(Given entries begins)

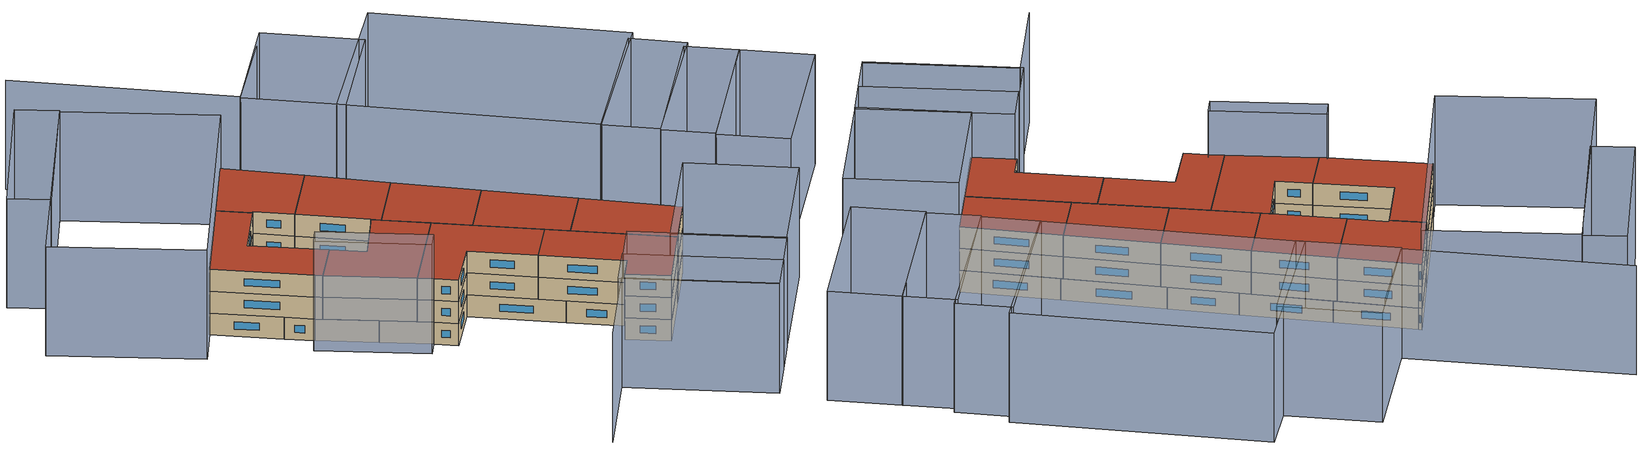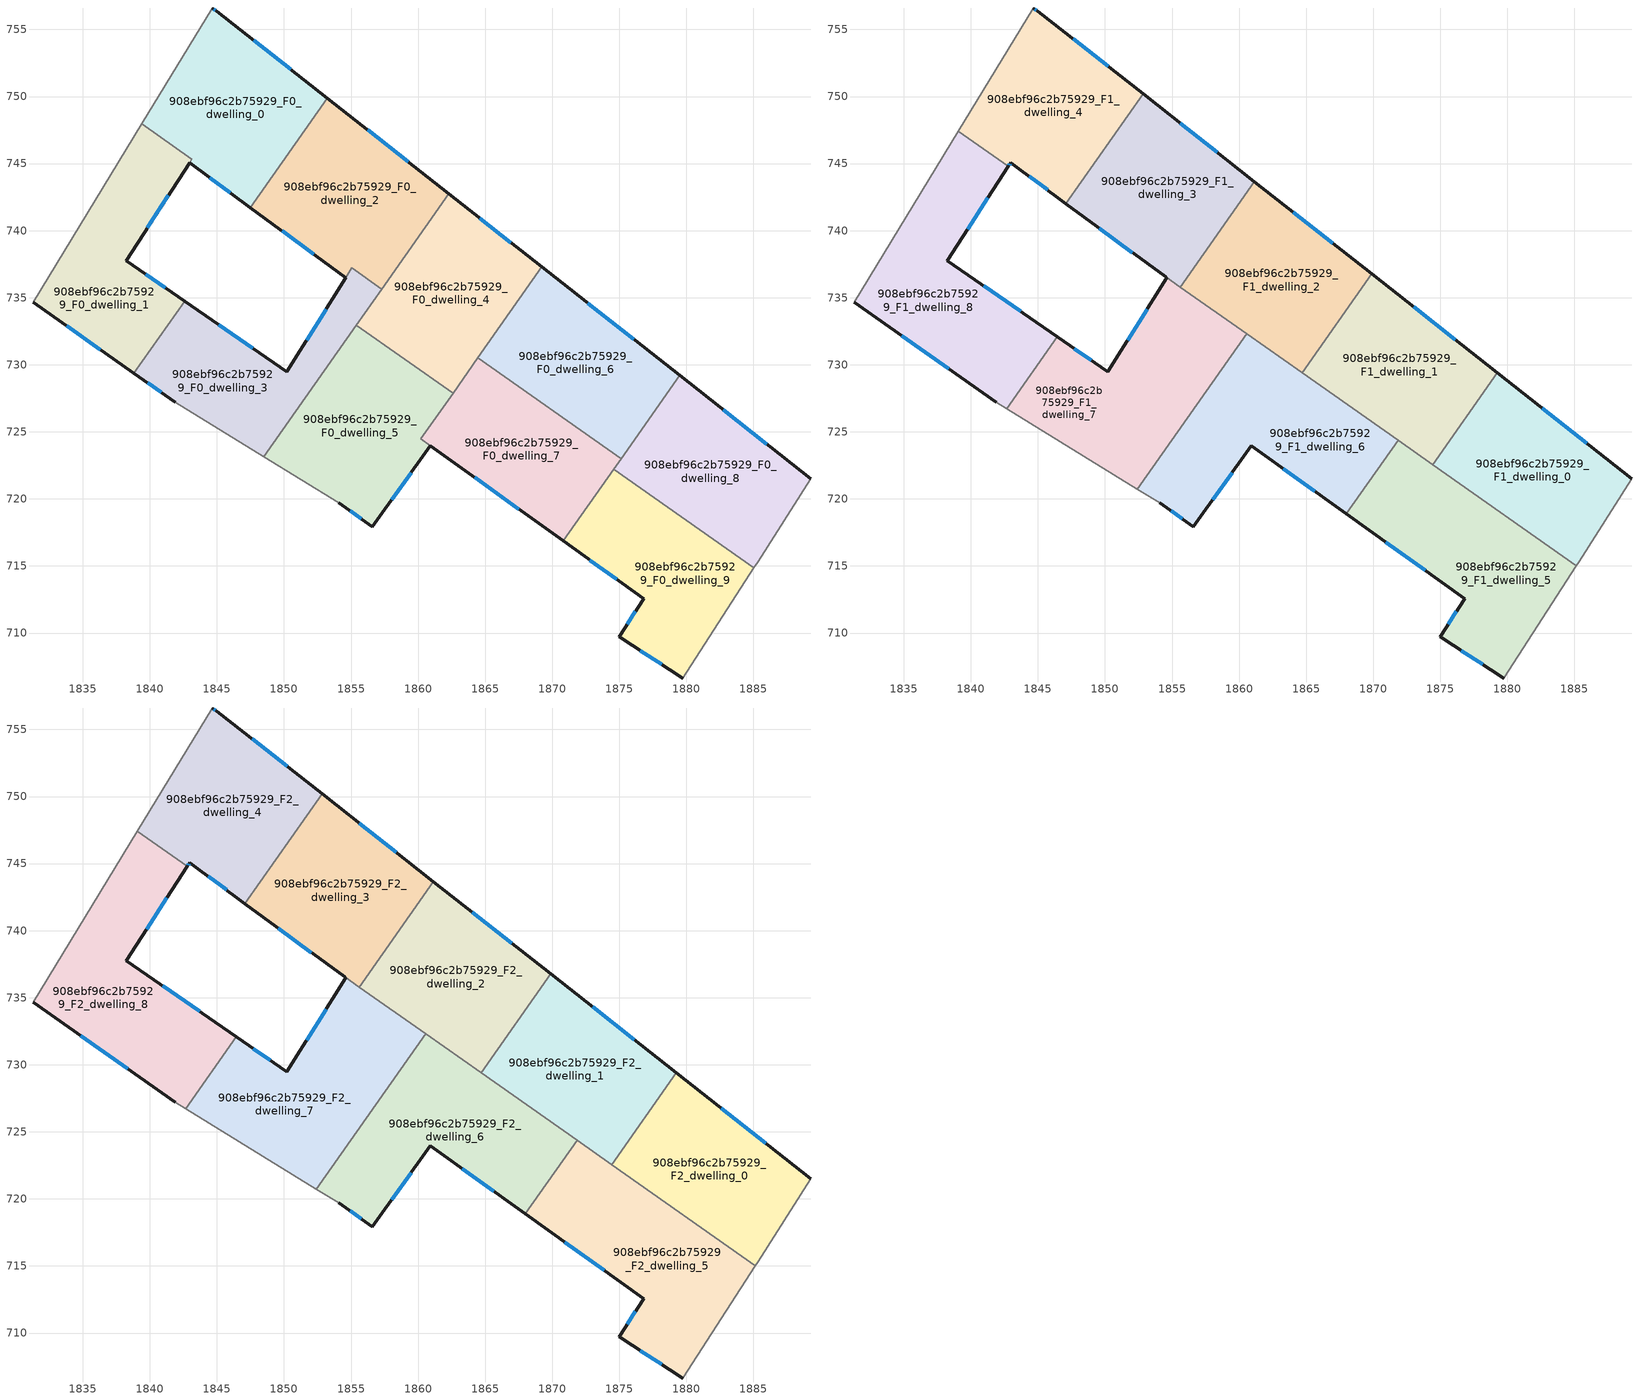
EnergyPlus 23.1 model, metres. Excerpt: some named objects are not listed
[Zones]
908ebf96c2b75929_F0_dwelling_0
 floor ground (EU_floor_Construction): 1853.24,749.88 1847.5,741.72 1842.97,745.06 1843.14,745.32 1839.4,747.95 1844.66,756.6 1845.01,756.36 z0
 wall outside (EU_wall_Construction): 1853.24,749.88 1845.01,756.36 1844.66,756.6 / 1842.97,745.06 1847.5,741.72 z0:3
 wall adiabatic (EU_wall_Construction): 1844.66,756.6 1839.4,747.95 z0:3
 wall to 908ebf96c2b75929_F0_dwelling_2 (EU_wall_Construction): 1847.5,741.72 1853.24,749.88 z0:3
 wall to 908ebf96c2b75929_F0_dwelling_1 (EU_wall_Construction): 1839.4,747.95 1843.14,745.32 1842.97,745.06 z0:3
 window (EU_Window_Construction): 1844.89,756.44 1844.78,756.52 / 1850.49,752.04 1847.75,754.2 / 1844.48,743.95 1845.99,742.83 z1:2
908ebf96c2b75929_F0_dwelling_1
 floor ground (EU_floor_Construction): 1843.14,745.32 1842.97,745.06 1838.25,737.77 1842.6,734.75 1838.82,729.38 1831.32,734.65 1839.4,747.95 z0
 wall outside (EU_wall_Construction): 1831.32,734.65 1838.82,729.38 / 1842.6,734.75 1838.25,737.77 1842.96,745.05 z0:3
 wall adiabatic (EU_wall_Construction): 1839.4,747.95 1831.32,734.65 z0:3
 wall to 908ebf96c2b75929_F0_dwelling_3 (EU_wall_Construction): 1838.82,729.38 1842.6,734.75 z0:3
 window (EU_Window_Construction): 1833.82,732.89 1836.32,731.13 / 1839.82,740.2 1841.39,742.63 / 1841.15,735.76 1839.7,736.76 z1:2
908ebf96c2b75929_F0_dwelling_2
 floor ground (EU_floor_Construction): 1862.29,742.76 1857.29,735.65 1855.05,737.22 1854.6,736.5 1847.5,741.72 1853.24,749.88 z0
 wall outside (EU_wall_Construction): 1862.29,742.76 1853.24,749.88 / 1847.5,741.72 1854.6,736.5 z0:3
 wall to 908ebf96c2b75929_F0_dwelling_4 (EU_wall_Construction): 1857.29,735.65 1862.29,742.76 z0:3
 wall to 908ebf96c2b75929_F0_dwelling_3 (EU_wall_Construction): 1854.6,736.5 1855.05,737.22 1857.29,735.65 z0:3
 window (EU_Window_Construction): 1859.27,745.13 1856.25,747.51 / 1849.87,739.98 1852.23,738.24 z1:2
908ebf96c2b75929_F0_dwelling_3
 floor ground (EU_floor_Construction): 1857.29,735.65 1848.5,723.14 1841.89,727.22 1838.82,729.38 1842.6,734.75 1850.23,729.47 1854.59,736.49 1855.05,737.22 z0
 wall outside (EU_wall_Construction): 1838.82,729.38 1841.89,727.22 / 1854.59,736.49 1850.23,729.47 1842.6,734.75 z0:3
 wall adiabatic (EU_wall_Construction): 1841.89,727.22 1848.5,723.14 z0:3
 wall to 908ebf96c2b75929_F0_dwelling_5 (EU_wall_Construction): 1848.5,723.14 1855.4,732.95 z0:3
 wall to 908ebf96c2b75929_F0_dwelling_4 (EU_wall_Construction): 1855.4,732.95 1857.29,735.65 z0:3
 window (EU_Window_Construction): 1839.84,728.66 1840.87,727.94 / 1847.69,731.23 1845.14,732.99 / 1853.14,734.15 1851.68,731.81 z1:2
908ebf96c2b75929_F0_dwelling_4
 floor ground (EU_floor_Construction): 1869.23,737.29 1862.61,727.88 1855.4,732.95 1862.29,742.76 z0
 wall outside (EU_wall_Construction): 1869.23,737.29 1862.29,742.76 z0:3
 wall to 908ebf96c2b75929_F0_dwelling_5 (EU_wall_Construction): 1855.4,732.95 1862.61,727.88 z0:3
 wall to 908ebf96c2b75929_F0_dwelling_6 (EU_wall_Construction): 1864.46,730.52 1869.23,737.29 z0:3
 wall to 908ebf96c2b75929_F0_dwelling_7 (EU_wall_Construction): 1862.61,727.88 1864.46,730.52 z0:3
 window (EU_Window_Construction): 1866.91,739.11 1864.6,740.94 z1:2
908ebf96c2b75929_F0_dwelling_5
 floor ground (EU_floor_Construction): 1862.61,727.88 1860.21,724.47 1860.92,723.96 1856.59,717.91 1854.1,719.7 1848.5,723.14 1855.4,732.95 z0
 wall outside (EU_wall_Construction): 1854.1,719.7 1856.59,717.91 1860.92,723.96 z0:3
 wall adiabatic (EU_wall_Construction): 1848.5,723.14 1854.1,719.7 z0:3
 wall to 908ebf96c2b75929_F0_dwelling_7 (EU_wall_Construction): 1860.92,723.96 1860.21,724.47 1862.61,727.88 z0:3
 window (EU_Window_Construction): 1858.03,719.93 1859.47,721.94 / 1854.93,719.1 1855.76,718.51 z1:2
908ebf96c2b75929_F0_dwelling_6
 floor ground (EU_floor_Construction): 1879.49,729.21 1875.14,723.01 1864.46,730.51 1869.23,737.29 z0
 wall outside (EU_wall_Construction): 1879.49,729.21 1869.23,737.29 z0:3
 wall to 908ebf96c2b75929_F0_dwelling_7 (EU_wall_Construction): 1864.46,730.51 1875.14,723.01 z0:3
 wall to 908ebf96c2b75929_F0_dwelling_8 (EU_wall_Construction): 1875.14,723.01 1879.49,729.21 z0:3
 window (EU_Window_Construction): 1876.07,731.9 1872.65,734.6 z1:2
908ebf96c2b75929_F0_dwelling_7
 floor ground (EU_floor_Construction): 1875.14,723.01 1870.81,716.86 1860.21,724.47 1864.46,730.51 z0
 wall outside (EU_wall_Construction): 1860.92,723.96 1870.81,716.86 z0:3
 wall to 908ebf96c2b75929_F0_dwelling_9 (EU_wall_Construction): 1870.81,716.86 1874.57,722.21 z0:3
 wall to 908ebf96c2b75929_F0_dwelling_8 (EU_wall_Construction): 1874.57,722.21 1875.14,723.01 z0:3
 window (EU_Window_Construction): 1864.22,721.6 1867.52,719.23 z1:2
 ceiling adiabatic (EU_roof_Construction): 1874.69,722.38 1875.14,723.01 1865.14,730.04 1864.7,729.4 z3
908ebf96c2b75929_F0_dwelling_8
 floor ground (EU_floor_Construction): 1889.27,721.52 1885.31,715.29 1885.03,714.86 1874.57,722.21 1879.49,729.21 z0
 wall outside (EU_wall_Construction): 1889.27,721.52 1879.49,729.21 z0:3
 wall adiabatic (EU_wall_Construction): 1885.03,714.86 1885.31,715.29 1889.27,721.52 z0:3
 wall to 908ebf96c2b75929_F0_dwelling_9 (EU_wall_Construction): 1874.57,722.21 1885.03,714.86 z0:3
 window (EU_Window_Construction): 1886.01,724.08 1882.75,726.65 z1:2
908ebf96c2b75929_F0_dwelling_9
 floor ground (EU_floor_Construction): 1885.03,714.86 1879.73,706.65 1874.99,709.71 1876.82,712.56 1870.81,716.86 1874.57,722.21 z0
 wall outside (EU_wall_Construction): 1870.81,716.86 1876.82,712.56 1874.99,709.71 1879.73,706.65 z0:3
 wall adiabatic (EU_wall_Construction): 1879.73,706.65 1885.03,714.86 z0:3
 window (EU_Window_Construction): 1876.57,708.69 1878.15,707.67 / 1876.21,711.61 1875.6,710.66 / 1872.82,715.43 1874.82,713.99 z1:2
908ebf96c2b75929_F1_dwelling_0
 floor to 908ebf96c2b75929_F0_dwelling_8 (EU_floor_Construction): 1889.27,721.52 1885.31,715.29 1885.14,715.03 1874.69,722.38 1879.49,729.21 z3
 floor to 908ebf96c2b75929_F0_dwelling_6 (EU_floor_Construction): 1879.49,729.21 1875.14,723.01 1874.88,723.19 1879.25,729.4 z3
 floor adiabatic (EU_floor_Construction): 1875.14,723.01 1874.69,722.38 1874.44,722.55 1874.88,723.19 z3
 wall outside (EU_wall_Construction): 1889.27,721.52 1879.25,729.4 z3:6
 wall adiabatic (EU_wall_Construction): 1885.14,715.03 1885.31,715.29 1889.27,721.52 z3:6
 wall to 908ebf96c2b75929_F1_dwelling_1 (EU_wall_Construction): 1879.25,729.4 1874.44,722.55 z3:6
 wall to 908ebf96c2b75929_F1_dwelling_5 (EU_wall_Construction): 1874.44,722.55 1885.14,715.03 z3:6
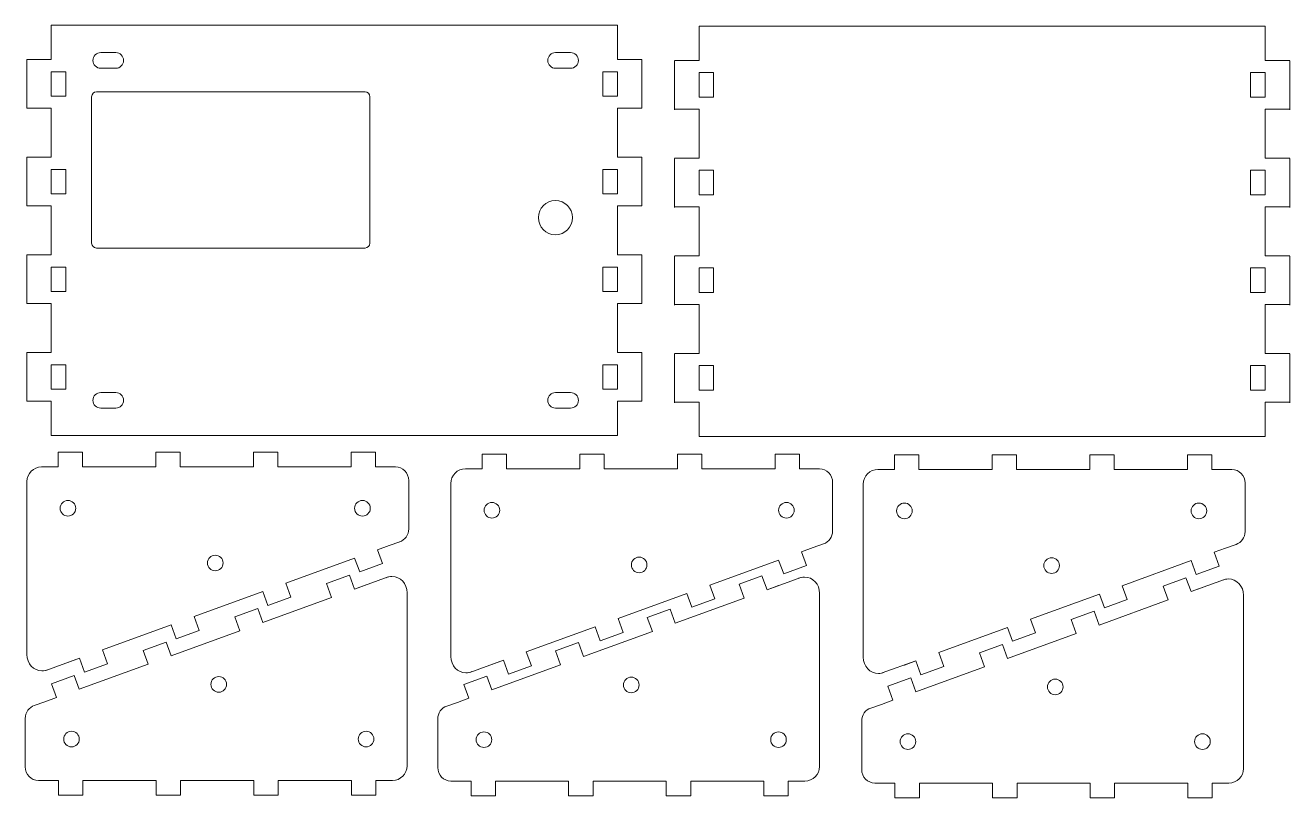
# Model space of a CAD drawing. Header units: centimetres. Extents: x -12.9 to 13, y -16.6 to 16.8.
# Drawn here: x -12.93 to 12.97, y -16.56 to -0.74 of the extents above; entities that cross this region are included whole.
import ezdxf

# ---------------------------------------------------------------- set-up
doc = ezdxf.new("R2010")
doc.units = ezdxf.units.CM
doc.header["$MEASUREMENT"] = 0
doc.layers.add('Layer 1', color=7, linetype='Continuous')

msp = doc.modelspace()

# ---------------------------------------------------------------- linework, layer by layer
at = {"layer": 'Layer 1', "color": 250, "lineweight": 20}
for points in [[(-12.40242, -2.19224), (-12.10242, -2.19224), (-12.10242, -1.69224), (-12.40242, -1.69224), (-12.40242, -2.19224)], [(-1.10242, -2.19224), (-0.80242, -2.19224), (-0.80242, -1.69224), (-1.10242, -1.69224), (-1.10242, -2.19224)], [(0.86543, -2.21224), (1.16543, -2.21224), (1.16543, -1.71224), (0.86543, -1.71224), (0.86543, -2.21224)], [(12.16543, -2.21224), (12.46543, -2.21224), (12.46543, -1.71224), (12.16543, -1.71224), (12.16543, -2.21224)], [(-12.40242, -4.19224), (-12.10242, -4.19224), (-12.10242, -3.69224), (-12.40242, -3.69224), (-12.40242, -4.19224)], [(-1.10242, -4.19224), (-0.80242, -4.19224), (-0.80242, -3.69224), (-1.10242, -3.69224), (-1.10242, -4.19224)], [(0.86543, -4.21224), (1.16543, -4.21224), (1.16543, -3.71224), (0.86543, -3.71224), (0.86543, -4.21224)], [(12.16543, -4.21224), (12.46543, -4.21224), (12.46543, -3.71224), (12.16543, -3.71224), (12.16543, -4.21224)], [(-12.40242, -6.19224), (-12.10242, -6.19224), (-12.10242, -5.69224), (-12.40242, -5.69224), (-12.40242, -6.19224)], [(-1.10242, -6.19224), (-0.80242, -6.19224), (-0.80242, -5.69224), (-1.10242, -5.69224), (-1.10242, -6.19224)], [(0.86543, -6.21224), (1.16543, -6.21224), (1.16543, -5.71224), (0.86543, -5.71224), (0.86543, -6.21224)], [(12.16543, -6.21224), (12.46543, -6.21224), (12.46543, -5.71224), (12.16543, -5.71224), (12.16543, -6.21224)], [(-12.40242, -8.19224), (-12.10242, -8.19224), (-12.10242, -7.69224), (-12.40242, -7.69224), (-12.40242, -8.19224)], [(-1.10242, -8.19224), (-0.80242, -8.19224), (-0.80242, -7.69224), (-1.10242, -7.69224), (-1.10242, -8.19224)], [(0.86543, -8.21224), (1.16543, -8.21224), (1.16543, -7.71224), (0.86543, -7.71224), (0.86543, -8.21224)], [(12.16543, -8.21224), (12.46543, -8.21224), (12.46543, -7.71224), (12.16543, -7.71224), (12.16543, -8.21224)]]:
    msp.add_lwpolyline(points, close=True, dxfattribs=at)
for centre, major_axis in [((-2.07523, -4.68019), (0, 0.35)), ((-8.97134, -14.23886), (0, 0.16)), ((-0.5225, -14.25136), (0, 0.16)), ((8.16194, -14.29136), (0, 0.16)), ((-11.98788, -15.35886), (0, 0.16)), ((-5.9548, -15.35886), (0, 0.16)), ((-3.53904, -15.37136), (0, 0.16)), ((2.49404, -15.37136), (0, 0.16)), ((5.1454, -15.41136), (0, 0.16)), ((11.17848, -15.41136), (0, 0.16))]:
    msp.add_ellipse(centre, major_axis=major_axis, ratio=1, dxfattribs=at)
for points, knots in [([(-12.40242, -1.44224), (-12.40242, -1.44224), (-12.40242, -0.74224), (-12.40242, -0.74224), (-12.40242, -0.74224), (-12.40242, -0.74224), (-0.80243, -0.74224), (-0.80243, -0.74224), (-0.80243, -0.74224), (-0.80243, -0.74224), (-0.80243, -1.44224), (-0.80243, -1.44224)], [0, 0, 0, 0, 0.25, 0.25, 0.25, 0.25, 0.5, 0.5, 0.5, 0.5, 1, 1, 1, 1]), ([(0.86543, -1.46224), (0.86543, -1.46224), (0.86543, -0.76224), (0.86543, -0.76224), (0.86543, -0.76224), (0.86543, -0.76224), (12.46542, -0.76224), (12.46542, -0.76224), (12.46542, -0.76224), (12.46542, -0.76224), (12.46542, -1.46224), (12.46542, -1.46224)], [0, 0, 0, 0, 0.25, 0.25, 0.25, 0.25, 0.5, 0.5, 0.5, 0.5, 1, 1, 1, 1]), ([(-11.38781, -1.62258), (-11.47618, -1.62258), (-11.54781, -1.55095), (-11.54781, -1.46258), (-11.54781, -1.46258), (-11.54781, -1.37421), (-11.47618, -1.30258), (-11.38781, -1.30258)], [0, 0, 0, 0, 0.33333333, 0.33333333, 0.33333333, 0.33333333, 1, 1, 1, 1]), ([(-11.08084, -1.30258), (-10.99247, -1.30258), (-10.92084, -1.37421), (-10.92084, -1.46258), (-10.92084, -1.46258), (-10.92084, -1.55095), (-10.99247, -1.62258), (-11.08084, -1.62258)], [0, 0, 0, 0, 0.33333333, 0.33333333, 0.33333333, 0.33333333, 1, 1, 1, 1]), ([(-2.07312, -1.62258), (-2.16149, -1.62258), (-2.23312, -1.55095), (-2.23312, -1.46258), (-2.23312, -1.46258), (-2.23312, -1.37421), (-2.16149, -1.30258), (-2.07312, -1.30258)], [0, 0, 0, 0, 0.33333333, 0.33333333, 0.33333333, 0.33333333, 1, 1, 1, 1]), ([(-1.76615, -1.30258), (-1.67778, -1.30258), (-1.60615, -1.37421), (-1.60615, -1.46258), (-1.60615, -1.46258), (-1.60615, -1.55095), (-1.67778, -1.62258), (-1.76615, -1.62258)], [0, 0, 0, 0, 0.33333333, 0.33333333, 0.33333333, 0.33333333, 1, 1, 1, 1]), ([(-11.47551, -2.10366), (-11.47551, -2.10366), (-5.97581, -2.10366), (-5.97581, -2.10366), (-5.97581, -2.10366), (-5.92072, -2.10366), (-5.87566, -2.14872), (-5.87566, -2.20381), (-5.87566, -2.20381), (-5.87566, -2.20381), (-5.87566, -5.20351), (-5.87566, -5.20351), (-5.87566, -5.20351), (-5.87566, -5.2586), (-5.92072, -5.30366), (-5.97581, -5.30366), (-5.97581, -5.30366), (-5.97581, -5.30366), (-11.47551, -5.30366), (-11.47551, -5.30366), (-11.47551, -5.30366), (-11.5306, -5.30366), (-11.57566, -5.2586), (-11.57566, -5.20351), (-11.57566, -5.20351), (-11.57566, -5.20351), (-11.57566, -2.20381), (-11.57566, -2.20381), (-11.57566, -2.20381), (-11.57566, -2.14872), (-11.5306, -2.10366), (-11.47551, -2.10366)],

(Given entries ends)

Problem description.
Reply with the number only, stating how many lines in the listing hold the string "color".

Answer space.
2